We could take and read the EXIF data, as many photographers put that in before releasing professional photos, but then again I'd assume that data would be brought in with the image.
Alternatively, we can auto-caption any added image with the source URL and attempt to include the source author so something like: "This image was included on [title] by [author]." Though of course, there isn't really consistent use of any author mechanism, even the rel=author HTML5 property is not widely used, and when it is, it is often used incorrectly.
Facebook derives authorship from the not-so-widely used META author tag ( <meta name="author" content="Jack Healy">
) , so perhaps an attempt to read that in as part of a statement of the source of the overall post would be useful.
I think it is one of those things that are probably technically illegal for the author to do (duplicate an image without credit) but not on the platform (say WordPress.com). I looked in to this quite a bit a while back to build out a training unit for using images while writing posts
Finally, there may be another option we would want to author those individuals who are conscientious about fair use of a particular image. Common legal experts consensus on fair use of digital images is that size matters, so offering smaller thumbnail options (or perhaps allowing a site or user option to always prefer the display of smaller thumbnails) would be legally fair use.

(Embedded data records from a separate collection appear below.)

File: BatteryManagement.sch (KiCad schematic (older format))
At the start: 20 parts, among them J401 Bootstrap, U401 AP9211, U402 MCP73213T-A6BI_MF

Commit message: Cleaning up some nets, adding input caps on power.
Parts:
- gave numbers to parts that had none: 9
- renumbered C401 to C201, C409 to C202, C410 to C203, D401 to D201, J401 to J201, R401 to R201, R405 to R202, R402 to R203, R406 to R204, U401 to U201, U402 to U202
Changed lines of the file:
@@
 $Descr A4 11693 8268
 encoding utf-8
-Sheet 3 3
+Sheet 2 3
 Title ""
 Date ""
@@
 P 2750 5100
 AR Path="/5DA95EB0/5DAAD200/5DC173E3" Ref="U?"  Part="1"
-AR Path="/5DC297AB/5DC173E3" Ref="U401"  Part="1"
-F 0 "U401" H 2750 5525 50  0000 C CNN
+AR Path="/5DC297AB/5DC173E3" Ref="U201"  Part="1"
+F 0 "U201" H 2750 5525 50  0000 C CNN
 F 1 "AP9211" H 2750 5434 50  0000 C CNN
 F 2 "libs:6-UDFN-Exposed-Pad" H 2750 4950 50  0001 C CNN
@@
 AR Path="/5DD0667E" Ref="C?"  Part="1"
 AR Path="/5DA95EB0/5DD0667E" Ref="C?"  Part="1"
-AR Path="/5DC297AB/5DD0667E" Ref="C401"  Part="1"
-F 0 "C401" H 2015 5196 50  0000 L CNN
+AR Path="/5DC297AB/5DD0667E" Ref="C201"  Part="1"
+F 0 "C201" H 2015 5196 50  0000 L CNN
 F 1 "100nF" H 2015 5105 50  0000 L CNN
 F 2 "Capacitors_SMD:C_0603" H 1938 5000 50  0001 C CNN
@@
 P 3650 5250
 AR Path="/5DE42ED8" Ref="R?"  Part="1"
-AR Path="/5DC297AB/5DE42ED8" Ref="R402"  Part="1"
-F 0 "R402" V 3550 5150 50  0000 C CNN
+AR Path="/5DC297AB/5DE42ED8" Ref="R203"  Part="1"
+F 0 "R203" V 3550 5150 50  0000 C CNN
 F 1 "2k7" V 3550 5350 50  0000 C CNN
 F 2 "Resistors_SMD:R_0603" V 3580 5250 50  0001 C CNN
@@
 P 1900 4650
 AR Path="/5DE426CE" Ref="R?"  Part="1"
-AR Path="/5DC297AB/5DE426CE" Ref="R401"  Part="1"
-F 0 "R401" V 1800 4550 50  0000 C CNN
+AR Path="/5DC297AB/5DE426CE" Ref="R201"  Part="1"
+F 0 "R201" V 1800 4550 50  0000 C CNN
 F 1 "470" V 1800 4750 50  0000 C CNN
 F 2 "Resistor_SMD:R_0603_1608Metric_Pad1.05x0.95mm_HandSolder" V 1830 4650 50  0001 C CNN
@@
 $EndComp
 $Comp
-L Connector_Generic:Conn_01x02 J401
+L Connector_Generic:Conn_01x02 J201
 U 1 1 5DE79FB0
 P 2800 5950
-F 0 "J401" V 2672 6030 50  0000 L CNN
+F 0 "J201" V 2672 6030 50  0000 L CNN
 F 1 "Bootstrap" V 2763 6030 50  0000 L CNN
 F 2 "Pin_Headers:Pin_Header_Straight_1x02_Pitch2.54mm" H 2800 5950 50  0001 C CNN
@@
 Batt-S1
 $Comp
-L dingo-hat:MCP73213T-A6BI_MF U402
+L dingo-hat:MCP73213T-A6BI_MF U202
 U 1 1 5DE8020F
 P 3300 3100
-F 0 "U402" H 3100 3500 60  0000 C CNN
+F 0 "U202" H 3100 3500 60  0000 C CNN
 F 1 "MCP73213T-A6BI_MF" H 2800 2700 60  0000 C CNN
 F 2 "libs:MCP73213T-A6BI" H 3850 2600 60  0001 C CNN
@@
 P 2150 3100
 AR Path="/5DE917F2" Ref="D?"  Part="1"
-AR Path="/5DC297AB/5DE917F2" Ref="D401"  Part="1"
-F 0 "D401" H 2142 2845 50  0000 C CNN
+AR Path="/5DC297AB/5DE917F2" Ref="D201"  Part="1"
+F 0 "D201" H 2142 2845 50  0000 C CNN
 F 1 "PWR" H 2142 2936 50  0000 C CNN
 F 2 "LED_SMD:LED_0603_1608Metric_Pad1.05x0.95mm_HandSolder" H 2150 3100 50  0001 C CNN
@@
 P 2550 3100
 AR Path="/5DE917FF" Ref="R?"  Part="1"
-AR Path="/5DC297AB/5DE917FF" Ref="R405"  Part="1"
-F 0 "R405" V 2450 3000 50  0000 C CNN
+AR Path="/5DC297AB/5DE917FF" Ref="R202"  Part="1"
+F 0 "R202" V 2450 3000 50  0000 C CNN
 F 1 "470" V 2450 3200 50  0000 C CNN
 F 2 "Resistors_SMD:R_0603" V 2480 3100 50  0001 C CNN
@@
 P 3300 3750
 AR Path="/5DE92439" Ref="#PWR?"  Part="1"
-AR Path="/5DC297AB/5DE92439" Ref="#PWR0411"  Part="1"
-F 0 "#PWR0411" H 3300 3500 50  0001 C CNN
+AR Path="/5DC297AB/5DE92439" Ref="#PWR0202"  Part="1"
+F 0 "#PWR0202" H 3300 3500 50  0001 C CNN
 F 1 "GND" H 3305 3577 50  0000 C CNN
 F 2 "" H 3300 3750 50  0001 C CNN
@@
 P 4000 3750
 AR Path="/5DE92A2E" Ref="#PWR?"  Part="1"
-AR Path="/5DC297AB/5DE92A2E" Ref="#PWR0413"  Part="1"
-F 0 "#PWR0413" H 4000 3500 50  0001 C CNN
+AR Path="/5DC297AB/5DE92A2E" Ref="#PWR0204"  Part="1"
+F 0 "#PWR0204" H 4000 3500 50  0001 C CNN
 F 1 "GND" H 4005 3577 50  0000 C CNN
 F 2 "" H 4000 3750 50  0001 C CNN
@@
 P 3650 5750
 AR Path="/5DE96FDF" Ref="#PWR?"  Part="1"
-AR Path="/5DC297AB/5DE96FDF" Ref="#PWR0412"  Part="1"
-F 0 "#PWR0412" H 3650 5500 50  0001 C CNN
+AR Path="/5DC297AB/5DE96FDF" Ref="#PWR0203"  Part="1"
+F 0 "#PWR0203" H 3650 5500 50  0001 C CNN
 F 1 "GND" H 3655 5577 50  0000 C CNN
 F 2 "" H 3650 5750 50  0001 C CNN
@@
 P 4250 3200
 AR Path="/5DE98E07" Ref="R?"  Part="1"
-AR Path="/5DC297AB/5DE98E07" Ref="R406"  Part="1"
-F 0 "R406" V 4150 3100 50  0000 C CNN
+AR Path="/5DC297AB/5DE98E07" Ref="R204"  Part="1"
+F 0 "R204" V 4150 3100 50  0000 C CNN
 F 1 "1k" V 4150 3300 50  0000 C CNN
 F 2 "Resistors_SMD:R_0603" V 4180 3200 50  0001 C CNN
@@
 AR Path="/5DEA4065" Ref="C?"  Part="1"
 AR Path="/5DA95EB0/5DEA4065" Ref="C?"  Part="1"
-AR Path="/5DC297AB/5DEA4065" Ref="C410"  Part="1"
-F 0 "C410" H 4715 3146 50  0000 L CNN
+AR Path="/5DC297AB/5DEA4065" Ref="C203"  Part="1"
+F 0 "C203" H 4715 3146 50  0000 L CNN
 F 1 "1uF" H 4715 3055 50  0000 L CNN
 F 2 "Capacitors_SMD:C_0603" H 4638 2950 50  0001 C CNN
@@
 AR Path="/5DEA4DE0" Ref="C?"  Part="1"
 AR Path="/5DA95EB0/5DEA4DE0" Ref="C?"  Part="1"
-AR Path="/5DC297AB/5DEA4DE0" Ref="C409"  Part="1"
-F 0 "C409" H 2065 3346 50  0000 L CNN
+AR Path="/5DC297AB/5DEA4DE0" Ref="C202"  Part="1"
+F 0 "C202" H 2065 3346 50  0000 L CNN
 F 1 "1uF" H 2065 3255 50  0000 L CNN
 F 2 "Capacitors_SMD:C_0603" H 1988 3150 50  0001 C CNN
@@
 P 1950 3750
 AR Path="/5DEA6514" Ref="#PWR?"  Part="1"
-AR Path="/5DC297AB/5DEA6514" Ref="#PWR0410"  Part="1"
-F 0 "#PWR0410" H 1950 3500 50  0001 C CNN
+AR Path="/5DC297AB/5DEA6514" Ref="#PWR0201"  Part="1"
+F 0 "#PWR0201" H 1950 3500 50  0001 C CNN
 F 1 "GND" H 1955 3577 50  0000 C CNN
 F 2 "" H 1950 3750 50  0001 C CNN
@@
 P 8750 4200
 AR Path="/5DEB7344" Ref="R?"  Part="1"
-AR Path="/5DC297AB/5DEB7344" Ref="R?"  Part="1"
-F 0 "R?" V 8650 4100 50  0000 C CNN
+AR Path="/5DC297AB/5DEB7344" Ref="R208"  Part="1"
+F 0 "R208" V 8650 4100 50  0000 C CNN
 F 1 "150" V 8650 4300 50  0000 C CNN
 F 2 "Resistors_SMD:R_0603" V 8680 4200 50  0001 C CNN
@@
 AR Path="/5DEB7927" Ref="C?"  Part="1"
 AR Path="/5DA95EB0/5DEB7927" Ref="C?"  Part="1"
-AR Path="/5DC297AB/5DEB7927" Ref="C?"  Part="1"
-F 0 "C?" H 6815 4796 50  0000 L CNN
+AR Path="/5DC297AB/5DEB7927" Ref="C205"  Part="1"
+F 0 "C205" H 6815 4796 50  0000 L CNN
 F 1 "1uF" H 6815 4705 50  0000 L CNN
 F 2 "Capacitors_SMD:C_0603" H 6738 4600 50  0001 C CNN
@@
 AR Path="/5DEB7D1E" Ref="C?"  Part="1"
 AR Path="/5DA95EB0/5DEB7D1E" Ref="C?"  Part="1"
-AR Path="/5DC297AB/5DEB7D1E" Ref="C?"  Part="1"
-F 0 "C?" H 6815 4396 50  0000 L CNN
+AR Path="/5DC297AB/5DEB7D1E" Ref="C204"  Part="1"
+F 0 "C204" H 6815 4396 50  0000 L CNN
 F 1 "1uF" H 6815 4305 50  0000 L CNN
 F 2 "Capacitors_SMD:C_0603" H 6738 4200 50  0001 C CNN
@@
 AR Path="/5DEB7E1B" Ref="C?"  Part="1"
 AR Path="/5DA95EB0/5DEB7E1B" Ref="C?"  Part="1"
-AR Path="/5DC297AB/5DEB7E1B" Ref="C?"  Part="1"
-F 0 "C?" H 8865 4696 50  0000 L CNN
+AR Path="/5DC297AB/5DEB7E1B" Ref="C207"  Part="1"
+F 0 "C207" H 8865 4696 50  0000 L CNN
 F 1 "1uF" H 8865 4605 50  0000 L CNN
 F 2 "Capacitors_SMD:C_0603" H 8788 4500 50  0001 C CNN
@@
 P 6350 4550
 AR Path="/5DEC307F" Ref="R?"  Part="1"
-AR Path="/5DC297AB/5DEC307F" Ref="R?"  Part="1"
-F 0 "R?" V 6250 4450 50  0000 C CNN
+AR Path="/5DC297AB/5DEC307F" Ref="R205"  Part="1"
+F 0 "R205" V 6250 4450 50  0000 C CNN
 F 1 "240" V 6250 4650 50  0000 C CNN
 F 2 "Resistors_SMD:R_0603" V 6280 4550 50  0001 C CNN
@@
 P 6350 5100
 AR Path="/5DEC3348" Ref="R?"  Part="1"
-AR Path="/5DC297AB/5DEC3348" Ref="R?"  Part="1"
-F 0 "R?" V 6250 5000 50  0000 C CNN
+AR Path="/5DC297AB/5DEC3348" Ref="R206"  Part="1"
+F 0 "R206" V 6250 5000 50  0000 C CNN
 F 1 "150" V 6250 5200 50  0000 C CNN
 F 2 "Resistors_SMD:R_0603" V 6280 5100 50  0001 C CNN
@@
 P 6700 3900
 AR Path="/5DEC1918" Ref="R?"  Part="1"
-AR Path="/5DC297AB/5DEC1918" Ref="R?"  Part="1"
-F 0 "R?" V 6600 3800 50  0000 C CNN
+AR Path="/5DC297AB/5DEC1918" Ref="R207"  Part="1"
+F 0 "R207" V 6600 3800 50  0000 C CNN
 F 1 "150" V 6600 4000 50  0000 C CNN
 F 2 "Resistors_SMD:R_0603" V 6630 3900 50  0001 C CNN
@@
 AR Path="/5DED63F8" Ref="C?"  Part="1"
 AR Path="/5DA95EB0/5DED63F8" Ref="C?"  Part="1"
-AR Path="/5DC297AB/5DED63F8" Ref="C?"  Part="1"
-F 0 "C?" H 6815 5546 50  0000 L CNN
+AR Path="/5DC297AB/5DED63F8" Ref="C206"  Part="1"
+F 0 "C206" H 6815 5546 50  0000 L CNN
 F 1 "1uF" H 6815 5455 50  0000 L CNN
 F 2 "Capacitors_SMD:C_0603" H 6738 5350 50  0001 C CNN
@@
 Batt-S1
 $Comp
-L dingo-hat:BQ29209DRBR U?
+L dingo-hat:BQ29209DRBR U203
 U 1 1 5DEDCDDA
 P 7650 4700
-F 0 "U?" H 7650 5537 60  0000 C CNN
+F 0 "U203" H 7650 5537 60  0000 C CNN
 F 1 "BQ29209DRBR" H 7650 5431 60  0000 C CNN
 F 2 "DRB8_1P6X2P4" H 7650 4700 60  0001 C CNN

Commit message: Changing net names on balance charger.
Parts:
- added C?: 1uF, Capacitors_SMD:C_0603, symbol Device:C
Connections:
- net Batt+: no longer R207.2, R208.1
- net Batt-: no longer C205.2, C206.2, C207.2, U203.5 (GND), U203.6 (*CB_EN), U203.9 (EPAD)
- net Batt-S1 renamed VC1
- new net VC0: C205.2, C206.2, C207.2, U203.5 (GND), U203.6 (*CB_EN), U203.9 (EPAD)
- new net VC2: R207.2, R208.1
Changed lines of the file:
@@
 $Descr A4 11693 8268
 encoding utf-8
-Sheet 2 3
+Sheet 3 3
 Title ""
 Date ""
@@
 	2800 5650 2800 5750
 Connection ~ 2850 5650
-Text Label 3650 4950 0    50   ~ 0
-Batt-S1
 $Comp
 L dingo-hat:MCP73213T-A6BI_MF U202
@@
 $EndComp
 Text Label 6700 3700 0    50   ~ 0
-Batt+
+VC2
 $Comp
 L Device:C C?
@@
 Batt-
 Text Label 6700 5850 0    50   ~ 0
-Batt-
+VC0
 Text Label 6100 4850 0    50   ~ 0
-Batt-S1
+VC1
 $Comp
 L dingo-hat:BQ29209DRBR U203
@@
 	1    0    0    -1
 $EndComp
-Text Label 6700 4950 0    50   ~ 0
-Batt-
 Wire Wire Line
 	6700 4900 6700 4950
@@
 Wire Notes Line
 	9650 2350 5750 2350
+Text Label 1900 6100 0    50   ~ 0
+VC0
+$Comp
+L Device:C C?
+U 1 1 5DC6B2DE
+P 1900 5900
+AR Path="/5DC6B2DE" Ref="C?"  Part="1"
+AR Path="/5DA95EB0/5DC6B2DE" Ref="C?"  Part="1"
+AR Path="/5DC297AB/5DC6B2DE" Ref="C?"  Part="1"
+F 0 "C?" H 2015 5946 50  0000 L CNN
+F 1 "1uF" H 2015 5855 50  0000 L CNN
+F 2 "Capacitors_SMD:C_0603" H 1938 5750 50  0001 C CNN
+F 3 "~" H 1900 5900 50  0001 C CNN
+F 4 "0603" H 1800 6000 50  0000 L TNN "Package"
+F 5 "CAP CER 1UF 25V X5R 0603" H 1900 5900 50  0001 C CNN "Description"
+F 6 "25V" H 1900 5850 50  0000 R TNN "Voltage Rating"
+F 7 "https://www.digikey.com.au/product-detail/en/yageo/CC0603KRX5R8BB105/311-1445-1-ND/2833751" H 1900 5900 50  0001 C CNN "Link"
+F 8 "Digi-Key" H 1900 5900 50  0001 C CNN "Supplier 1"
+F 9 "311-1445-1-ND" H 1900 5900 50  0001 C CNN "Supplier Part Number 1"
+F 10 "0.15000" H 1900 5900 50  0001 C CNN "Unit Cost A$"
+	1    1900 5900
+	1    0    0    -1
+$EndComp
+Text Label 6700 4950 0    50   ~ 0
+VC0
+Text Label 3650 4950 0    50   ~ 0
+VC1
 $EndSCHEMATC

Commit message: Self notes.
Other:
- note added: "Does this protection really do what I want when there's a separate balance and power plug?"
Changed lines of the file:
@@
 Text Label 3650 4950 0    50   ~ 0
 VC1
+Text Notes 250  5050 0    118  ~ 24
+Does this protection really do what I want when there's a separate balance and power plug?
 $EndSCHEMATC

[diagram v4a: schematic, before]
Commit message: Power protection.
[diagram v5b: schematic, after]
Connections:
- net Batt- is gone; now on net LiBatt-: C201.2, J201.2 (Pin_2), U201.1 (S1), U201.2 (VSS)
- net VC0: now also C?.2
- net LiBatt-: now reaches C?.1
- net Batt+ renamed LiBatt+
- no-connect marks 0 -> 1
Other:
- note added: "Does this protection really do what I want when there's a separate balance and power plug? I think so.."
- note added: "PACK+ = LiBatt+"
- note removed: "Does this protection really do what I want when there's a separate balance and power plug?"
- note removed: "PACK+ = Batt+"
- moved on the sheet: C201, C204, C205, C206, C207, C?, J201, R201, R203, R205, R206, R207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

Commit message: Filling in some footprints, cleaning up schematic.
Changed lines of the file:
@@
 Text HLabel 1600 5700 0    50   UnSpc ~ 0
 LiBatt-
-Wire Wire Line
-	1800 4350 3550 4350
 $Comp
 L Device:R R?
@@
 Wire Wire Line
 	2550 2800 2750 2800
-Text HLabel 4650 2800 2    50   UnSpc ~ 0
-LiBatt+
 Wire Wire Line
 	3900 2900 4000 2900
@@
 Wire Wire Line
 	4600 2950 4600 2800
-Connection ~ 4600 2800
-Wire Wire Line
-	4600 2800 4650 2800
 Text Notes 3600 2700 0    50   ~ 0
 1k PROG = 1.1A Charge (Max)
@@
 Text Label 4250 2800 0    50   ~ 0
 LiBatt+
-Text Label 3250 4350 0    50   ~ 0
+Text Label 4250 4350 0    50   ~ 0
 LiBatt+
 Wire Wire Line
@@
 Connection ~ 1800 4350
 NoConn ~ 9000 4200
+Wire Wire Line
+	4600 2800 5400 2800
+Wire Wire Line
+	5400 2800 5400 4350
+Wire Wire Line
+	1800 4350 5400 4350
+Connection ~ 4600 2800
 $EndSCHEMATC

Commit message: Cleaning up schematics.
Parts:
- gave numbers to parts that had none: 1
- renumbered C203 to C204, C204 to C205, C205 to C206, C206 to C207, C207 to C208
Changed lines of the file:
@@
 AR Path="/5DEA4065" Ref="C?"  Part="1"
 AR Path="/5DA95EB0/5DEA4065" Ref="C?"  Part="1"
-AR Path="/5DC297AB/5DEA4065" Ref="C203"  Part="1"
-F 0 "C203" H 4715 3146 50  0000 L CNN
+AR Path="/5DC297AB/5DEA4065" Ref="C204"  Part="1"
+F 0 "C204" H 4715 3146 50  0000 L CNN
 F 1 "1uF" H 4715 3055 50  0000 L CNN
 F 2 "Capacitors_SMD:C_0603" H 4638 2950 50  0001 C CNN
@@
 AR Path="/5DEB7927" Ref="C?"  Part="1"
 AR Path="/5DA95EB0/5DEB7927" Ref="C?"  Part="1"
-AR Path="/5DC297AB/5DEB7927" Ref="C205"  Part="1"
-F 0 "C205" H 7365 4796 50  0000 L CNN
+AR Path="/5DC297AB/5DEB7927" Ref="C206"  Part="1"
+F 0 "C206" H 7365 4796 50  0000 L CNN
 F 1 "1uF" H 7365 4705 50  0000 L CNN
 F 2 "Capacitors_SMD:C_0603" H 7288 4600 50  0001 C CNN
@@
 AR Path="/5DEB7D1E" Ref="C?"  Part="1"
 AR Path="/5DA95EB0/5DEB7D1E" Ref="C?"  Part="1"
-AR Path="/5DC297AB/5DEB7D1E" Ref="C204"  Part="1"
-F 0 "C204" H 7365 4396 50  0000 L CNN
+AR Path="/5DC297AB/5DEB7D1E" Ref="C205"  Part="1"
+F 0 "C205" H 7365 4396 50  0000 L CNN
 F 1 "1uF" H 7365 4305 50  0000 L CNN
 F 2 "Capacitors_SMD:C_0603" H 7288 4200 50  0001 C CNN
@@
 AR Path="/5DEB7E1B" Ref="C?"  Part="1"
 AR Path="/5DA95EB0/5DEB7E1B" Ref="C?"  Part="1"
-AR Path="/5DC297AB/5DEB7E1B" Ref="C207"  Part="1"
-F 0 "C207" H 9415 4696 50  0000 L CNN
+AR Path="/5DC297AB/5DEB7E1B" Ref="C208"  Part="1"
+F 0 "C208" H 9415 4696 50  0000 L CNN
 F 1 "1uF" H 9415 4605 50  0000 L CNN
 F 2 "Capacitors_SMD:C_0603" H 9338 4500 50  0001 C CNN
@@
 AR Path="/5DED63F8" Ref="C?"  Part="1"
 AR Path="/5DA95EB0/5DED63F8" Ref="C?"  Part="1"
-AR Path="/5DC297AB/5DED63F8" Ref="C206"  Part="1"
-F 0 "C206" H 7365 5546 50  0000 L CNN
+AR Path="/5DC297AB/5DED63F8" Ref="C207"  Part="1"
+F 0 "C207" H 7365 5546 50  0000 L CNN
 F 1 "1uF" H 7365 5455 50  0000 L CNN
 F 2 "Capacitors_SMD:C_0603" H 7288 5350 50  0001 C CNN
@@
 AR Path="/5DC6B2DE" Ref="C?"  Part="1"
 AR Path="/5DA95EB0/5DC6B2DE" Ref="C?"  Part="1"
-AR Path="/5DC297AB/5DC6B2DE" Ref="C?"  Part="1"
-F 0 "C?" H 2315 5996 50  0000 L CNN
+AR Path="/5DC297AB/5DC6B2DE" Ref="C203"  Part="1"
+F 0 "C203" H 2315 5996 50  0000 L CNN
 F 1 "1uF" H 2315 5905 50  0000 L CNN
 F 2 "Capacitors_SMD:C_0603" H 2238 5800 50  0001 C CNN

"Kelly v. Arriba Soft Corporation (2002) held that low-resolution thumbnails were non-infringing" http://en.wikipedia.org/wiki/Wikipedia:Fair_use/Definition_of_"low_resolution"#cite_note-1
If we wanted to offer that option, further legal consensus seems to state that "125x100 pixels for landscape-sized images and 100x125 pixels for portrait-sized images should be used." ([PDF] - https://cms.bsu.edu/-/media/WWW/DepartmentalContent/Library/Copyright/CopyrightForum/v3i2.pdf ). It might be nice to offer users that option, as even if they are writing new content around a quote or image the use might not be transformative.
Of course, the honest truth is that most platforms that aggregate such images (say Pinboard, or Twitter, for example) really just don't care, so ... shrug
Interesting read about this very issue (so meta). :)
http://wpandlegalstuff.com/press-this-and-copyright-infringement/
Right, but in the case of Open Graph and Twitter Cards, the content is always hosted on the source's domain, and they have control over removing it.
FYI, Facebook caches images from Open Graph in a big way. It's actually kind of annoying sometimes.
Still, you can delete the image and clear cache because Facebook is a centralized network
I'm not the best person to comment on this, but it seems like building a tool that automatically scrapes copyrighted materials should have an upfront discussion about said legal implications, and whether this is something we should promote.
Maybe Paul S at Automattic can weigh in?